Instructions for the task: Locate the line containing "arc A1039 (-22.0686, -32.1633)" in the data below. Reproduce it and every following line up to the end, exactly as given.

Dataset records:
((

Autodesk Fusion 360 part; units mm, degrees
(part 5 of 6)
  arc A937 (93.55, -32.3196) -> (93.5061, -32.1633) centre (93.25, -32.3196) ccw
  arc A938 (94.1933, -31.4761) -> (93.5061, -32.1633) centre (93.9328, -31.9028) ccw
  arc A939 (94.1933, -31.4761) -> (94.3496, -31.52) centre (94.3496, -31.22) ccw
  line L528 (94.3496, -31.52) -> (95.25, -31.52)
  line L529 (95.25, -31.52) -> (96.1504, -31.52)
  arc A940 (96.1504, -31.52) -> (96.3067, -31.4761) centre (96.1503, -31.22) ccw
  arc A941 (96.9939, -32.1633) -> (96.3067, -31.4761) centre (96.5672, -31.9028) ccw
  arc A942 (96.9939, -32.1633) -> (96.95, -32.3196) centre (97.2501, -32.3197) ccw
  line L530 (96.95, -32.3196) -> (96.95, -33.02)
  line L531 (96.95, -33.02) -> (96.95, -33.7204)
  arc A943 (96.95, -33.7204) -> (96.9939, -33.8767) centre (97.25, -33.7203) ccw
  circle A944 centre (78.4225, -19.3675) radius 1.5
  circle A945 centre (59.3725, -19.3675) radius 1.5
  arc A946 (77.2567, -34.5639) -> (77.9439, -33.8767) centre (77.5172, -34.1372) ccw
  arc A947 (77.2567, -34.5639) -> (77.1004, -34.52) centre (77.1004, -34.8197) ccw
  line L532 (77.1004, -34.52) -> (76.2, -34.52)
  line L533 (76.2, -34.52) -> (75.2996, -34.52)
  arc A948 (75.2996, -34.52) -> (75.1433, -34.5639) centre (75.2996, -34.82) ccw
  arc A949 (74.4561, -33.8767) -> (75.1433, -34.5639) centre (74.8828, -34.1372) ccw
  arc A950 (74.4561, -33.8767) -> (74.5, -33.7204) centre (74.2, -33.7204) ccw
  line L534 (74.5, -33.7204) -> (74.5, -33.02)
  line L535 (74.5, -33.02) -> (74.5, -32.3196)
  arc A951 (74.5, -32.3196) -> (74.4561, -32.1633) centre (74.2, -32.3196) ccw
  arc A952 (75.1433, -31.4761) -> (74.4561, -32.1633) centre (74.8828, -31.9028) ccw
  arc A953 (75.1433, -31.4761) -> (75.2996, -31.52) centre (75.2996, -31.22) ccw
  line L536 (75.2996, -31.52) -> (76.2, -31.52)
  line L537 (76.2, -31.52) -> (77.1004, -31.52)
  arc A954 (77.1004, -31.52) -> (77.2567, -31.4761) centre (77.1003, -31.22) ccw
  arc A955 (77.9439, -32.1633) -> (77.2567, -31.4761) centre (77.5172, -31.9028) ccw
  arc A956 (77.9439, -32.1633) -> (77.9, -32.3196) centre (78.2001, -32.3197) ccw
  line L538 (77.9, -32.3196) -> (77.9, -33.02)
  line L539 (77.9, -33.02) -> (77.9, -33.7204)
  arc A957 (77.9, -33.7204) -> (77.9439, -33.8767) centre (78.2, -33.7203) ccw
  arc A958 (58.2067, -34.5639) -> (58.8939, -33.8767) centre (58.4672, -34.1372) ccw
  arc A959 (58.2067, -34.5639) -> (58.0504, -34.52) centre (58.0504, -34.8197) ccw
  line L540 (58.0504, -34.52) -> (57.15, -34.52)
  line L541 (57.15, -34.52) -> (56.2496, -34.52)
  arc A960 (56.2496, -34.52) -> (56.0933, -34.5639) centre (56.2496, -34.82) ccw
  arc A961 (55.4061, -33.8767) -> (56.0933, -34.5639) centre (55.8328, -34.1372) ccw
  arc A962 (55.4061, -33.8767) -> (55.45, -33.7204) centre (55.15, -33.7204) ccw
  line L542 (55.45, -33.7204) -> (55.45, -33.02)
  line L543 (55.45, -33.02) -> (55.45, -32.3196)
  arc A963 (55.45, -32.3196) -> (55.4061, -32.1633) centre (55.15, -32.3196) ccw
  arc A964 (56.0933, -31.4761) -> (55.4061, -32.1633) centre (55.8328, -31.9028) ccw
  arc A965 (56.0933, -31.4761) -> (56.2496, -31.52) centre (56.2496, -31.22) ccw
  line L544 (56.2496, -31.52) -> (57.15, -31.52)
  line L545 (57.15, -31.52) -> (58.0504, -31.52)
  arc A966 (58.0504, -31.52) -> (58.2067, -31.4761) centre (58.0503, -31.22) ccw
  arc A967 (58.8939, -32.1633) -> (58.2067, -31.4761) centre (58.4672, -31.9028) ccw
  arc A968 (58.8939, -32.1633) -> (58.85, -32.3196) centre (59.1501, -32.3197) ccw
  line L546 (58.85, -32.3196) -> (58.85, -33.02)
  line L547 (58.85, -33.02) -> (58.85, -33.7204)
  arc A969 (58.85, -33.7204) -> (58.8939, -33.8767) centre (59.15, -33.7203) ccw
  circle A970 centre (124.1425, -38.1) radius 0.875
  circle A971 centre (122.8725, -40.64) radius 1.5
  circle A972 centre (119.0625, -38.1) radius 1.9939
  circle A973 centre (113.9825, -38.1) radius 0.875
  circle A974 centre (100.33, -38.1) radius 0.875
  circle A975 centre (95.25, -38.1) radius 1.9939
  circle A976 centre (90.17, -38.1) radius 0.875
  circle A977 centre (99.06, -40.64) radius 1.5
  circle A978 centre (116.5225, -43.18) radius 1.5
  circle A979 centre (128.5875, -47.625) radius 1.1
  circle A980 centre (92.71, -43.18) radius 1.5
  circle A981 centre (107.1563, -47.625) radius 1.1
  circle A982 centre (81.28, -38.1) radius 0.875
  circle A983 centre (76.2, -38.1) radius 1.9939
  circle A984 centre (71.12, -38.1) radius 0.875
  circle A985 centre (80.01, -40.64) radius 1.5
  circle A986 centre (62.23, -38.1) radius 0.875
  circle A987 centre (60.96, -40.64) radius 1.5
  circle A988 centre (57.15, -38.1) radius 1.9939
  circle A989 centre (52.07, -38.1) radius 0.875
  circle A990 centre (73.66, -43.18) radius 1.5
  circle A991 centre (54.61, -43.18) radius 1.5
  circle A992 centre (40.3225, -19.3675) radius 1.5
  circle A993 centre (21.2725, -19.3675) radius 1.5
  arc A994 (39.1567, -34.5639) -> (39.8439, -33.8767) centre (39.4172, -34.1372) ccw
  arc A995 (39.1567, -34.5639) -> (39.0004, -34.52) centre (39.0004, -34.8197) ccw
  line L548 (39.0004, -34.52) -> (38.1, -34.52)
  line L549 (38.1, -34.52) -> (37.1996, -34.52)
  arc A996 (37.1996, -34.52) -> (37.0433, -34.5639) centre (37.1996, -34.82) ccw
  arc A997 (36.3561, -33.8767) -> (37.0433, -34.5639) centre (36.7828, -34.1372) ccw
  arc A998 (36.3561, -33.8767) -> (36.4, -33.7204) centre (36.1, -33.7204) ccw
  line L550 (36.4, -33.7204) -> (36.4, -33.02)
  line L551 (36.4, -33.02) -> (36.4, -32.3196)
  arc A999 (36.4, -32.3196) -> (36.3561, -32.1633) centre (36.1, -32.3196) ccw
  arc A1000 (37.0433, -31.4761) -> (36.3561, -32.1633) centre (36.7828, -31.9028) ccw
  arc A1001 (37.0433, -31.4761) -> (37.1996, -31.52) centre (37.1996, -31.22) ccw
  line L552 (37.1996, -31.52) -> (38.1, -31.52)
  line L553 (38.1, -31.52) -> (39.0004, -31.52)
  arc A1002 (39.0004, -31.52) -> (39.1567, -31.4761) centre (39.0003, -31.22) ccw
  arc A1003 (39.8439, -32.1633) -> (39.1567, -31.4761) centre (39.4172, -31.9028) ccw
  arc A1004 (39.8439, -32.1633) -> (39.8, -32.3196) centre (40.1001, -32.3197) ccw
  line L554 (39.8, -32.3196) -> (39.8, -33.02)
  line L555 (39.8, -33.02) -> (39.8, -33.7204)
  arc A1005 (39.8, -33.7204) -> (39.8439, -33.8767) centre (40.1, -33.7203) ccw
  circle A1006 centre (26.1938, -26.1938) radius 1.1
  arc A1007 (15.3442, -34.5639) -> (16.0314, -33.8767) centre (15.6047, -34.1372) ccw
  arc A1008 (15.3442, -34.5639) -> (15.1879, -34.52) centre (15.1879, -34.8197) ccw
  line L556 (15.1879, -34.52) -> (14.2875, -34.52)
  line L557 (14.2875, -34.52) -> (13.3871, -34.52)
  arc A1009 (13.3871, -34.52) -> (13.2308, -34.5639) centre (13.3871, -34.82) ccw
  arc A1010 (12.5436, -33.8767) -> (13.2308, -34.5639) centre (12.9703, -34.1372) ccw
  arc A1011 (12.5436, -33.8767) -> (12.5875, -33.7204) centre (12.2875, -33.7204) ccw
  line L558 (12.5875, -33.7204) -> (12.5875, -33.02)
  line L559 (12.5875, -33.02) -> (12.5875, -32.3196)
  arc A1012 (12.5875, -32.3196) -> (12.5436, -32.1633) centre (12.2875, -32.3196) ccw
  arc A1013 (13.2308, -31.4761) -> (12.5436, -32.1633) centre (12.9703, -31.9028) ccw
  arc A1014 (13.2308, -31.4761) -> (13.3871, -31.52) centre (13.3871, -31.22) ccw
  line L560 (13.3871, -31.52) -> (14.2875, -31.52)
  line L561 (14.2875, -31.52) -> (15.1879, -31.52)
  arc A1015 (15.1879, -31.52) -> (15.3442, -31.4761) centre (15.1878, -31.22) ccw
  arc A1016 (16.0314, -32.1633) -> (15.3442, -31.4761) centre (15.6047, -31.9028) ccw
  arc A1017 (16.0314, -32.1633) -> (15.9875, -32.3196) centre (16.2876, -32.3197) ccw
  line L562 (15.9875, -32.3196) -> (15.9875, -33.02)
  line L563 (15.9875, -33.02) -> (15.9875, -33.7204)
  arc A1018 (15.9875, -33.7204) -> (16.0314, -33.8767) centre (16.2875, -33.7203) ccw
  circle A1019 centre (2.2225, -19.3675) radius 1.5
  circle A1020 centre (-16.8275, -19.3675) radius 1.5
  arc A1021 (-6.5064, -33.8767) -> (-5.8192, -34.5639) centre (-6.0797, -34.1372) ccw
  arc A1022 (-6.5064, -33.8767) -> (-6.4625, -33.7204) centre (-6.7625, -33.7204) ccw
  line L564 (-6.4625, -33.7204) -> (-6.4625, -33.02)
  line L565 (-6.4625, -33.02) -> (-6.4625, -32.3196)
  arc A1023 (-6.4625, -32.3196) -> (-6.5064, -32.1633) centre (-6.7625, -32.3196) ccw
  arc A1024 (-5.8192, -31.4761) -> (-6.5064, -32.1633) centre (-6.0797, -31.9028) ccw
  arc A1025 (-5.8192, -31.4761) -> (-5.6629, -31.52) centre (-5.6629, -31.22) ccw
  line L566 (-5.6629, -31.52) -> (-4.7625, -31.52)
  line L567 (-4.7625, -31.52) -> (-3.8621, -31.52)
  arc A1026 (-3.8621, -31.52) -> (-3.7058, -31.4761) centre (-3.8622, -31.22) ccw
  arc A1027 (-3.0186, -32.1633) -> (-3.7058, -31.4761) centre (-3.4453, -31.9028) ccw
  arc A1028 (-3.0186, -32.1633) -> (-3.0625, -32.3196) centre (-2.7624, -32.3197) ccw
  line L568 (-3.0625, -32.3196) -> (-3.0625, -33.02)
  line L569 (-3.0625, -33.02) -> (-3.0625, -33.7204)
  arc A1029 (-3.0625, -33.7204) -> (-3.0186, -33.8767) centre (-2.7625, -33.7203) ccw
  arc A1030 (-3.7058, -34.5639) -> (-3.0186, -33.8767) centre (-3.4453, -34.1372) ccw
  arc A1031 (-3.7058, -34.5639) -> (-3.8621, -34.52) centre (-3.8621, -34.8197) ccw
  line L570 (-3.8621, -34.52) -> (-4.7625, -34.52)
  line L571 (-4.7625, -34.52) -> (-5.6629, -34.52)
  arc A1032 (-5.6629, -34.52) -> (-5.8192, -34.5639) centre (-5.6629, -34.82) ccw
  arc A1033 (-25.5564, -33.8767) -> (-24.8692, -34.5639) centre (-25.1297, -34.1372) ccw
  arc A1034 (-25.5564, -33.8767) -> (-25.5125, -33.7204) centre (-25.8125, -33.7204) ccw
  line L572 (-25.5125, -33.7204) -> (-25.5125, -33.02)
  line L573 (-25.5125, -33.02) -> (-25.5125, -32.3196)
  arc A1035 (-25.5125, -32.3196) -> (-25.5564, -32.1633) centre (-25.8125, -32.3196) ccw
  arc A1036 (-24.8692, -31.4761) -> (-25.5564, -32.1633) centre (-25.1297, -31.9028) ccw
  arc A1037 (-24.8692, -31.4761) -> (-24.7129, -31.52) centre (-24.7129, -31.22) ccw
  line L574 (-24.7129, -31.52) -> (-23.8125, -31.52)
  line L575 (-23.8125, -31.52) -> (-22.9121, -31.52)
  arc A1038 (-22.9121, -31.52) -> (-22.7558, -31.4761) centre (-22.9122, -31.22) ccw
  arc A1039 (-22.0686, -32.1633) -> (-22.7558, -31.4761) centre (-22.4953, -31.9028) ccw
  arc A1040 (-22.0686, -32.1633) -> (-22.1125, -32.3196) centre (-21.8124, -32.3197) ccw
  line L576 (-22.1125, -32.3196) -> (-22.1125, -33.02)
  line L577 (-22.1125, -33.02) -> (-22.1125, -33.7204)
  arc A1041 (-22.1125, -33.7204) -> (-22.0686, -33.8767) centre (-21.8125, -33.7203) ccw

))

Solution to this exercise:
  arc A1039 (-22.0686, -32.1633) -> (-22.7558, -31.4761) centre (-22.4953, -31.9028) ccw
  arc A1040 (-22.0686, -32.1633) -> (-22.1125, -32.3196) centre (-21.8124, -32.3197) ccw
  line L576 (-22.1125, -32.3196) -> (-22.1125, -33.02)
  line L577 (-22.1125, -33.02) -> (-22.1125, -33.7204)
  arc A1041 (-22.1125, -33.7204) -> (-22.0686, -33.8767) centre (-21.8125, -33.7203) ccw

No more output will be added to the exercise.